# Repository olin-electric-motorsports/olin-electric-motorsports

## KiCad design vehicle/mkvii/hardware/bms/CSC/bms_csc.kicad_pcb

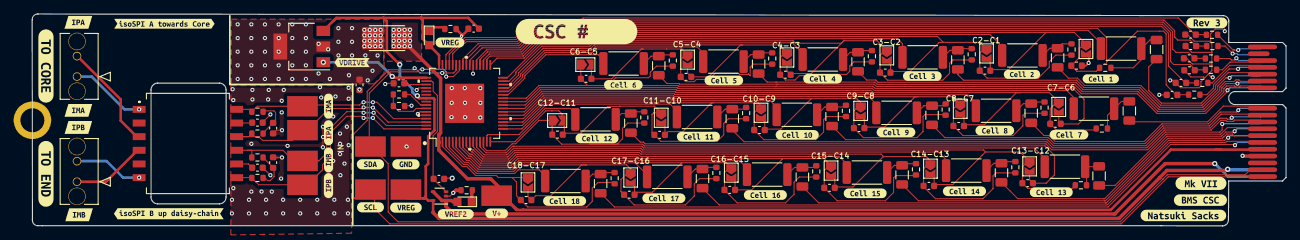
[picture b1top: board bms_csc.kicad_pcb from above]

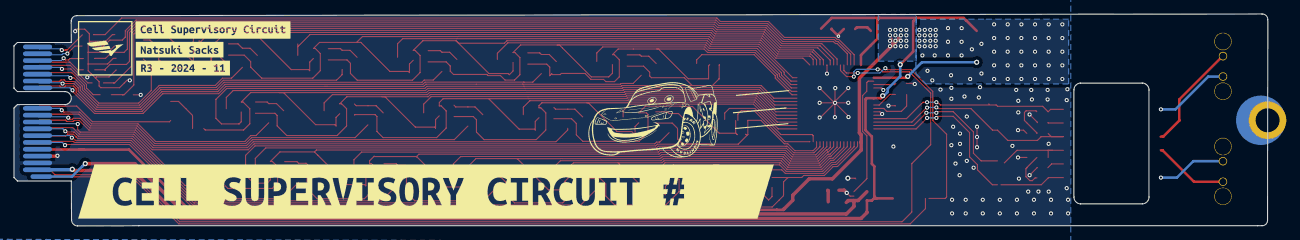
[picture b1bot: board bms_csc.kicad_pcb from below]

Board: 2 copper layers, 183.7 x 31.1 mm, 185 parts (4 on the bottom side), 110 nets.

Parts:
C1, C2, C3: C_1uF; C_0603
C4: C_0.1uF; C_0603
C5, C6, C7, C8, C9, C10, C11, C12, C13, C14, C15, C16, C17, C18, C19, C20, C21, C22, C23, C24, C25, C26, C27, C28, C29, C30, C31, C32: C_10nF; C_0603
D1, D2: LED_WHITE; CHIPLED_0805
F1, F2, F3, F4, F5, F6, F7, F8, F9, F10, F11, F12, F13, F14, F15, F16, F17, F18: 200mA_Fuse; Fuse_1206_3216Metric
H1: CONN_MountingHole; PCIe_Mount
J1, J2: 436500220; CONN_436500220
J8: CONN_pcie_x1; pcie_x1
JP1, JP2, JP3, JP4, JP5, JP6, JP7, JP8, JP9, JP10, JP11, JP12, JP13, JP14, JP15, JP16, JP17, JP18: SolderJumper_2_Open; SolderJumper-2_P1.3mm_Open_TrianglePad1.0x1.5mm
Q1: NSS1C201MZ4; SOT-223
R3: R_100; R_2512_OEM
R4, R5, R6, R7: R_60.4; R_0603
R8: 80; R_0603
R9, R10, R12, R51, R52, R53: R_100; R_0603
R11: 422; R_0603
R13, R14: R_1K; R_0603
R15, R17, R19, R21, R23, R25, R27, R29, R31, R33, R35, R37, R39, R41, R43, R45, R47, R49: 22R-1W; R_2512_6332Metric
R16, R18, R20, R22, R24, R26, R28, R30, R32, R34, R36, R38, R40, R42, R44, R46, R48, R50: 10R; R_0603
T1: HM2112ZNLT
TP1, TP2, TP3, TP4, TP19, TP20: TP_SMD; Test_Point_SMD
TP9, TP10, TP11: TP_1mm; Test_Point_SMD
U1: ADBMS1818; LQFP-64-1EP_12x12_P0.5
U2: MCP6001T-I-LT; SOT-353_SC-70-5
kibuzzard-63B4D82F: G***; kibuzzard-63B4D82F
kibuzzard-63B4D834: G***; kibuzzard-63B4D834
kibuzzard-63B4E58E: G***; kibuzzard-63B4E58E
kibuzzard-63B4E59A: G***; kibuzzard-63B4E59A
kibuzzard-63B4E581: G***; kibuzzard-63B4E581
kibuzzard-63B4E593: G***; kibuzzard-63B4E593
kibuzzard-63B4EB9B: G***; kibuzzard-63B4EB9B
kibuzzard-63B4EBA9: G***; kibuzzard-63B4EBA9
kibuzzard-63B4EBAD: G***; kibuzzard-63B4EBAD
kibuzzard-63B4EBB3: G***; kibuzzard-63B4EBB3
kibuzzard-63B4EBB8: G***; kibuzzard-63B4EBB8
kibuzzard-63B4EBF9: G***; kibuzzard-63B4EBF9
kibuzzard-63B4EC1B: G***; kibuzzard-63B4EC1B
kibuzzard-63B4EC4E: G***; kibuzzard-63B4EC4E
kibuzzard-63B4EC5B: G***; kibuzzard-63B4EC5B
kibuzzard-63B4EC6B: G***; kibuzzard-63B4EC6B
kibuzzard-63B4EC7A: G***; kibuzzard-63B4EC7A
kibuzzard-63B4EC20: G***; kibuzzard-63B4EC20
kibuzzard-63B4EC53: G***; kibuzzard-63B4EC53
kibuzzard-63B4EC66: G***; kibuzzard-63B4EC66
kibuzzard-63B4EC74: G***; kibuzzard-63B4EC74
kibuzzard-63B4EC80: G***; kibuzzard-63B4EC80
kibuzzard-63B4ED2A: G***; kibuzzard-63B4ED2A
kibuzzard-63B4ED25: G***; kibuzzard-63B4ED25
kibuzzard-63B4ED94: G***; kibuzzard-63B4ED94
kibuzzard-63BF4D5E: G***; kibuzzard-63BF4D5E
kibuzzard-672FCAF7: G***; kibuzzard-672FCAF7
kibuzzard-672FCF9D: G***; kibuzzard-672FCF9D
kibuzzard-673A717E: G***; kibuzzard-673A717E
kibuzzard-673A718C: G***; kibuzzard-673A718C
kibuzzard-673A725C: G***; kibuzzard-673A725C
kibuzzard-673A7082: G***; kibuzzard-673A7082
kibuzzard-673A7176: G***; kibuzzard-673A7176
kibuzzard-673A7184: G***; kibuzzard-673A7184
kibuzzard-673AA1F5: G***; kibuzzard-673AA1F5
kibuzzard-673AA1FB: G***; kibuzzard-673AA1FB
kibuzzard-673AA20C: G***; kibuzzard-673AA20C
kibuzzard-673AA233: G***; kibuzzard-673AA233
kibuzzard-6736A7FC: G***; kibuzzard-6736A7FC
kibuzzard-6736A805: G***; kibuzzard-6736A805
kibuzzard-6736A828: G***; kibuzzard-6736A828
kibuzzard-6736A857: G***; kibuzzard-6736A857
kibuzzard-6736A863: G***; kibuzzard-6736A863
kibuzzard-67399BB2: G***; kibuzzard-67399BB2
kibuzzard-673993C6: G***; kibuzzard-673993C6
kibuzzard-673998AC: G***; kibuzzard-673998AC
kibuzzard-6731260F: G***; kibuzzard-6731260F

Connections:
/C1: C25.2, C26.1, JP17.2 (B), JP18.1 (A), R50.2, U1.36 (C1)
/C2: C24.2, C25.1, JP16.2 (B), JP17.1 (A), R48.2, U1.34 (C2)
/C3: C23.2, C24.1, JP15.2 (B), JP16.1 (A), R46.2, U1.32 (C3)
/C4: C22.2, C23.1, JP14.2 (B), JP15.1 (A), R44.2, U1.30 (C4)
/C5: C21.2, C22.1, JP13.2 (B), JP14.1 (A), R42.2, U1.28 (C5)
/C6: C20.2, C21.1, JP12.2 (B), JP13.1 (A), R40.2, U1.26 (C6)
/C7: C19.2, C20.1, JP11.2 (B), JP12.1 (A), R38.2, U1.24 (C7)
/C8: C18.2, C19.1, JP10.2 (B), JP11.1 (A), R36.2, U1.22 (C8)
/C9: C17.2, C18.1, JP9.2 (B), JP10.1 (A), R34.2, U1.20 (C9)
/C10: C16.2, C17.1, JP8.2 (B), JP9.1 (A), R32.2, U1.18 (C10)
/C11: C15.2, C16.1, JP7.2 (B), JP8.1 (A), R30.2, U1.16 (C11)
/C12: C14.2, C15.1, JP6.2 (B), JP7.1 (A), R28.2, U1.14 (C12)
/C13: C13.2, C14.1, JP5.2 (B), JP6.1 (A), R26.2, U1.12 (C13)
/C14: C12.2, C13.1, JP4.2 (B), JP5.1 (A), R24.2, U1.10 (C14)
/C15: C9.2, C12.1, JP1.2 (B), JP4.1 (A), R22.2, U1.8 (C15)
/C16: C9.1, C11.2, JP1.1 (A), JP3.2 (B), R16.2, U1.6 (C16)
/C17: C10.2, C11.1, JP2.2 (B), JP3.1 (A), R20.2, U1.4 (C17)
/C18: C10.1, JP2.1 (A), R18.2, U1.2 (C18)
/CELL1: F18.1, J8.B14 (io_17)
/CELL2: F17.1, J8.A14 (io_16)
/CELL3: F16.1, J8.B13 (io_15)
/CELL4: F15.1, J8.A13 (io_14)
/CELL5: F14.1, J8.B12 (io_13)
/CELL6: F13.1, J8.A12 (io_12)
/CELL7: F12.1, J8.B11 (io_11)
/CELL8: F11.1, J8.A11 (io_10)
/CELL9: F10.1, J8.B10 (io_9)
/CELL10: F9.1, J8.A10 (io_8)
/CELL11: F8.1, J8.B9 (io_7)
/CELL12: F7.1, J8.A9 (io_6)
/CELL13: F6.1, J8.B8 (io_5)
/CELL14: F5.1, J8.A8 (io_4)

* **WHAT IS BEING ASKED**: Copy nothing but the lines from the top of the data down to the line containing "kibuzzard-63B4E581: G***; kibuzzard-63B4E581", and leave the pictures out.

* **RESPONSE TO THE EXERCISE**:
# Repository olin-electric-motorsports/olin-electric-motorsports

## KiCad design vehicle/mkvii/hardware/bms/CSC/bms_csc.kicad_pcb

[picture b1top: board bms_csc.kicad_pcb from above]

[picture b1bot: board bms_csc.kicad_pcb from below]

Board: 2 copper layers, 183.7 x 31.1 mm, 185 parts (4 on the bottom side), 110 nets.

Parts:
C1, C2, C3: C_1uF; C_0603
C4: C_0.1uF; C_0603
C5, C6, C7, C8, C9, C10, C11, C12, C13, C14, C15, C16, C17, C18, C19, C20, C21, C22, C23, C24, C25, C26, C27, C28, C29, C30, C31, C32: C_10nF; C_0603
D1, D2: LED_WHITE; CHIPLED_0805
F1, F2, F3, F4, F5, F6, F7, F8, F9, F10, F11, F12, F13, F14, F15, F16, F17, F18: 200mA_Fuse; Fuse_1206_3216Metric
H1: CONN_MountingHole; PCIe_Mount
J1, J2: 436500220; CONN_436500220
J8: CONN_pcie_x1; pcie_x1
JP1, JP2, JP3, JP4, JP5, JP6, JP7, JP8, JP9, JP10, JP11, JP12, JP13, JP14, JP15, JP16, JP17, JP18: SolderJumper_2_Open; SolderJumper-2_P1.3mm_Open_TrianglePad1.0x1.5mm
Q1: NSS1C201MZ4; SOT-223
R3: R_100; R_2512_OEM
R4, R5, R6, R7: R_60.4; R_0603
R8: 80; R_0603
R9, R10, R12, R51, R52, R53: R_100; R_0603
R11: 422; R_0603
R13, R14: R_1K; R_0603
R15, R17, R19, R21, R23, R25, R27, R29, R31, R33, R35, R37, R39, R41, R43, R45, R47, R49: 22R-1W; R_2512_6332Metric
R16, R18, R20, R22, R24, R26, R28, R30, R32, R34, R36, R38, R40, R42, R44, R46, R48, R50: 10R; R_0603
T1: HM2112ZNLT
TP1, TP2, TP3, TP4, TP19, TP20: TP_SMD; Test_Point_SMD
TP9, TP10, TP11: TP_1mm; Test_Point_SMD
U1: ADBMS1818; LQFP-64-1EP_12x12_P0.5
U2: MCP6001T-I-LT; SOT-353_SC-70-5
kibuzzard-63B4D82F: G***; kibuzzard-63B4D82F
kibuzzard-63B4D834: G***; kibuzzard-63B4D834
kibuzzard-63B4E58E: G***; kibuzzard-63B4E58E
kibuzzard-63B4E59A: G***; kibuzzard-63B4E59A
kibuzzard-63B4E581: G***; kibuzzard-63B4E581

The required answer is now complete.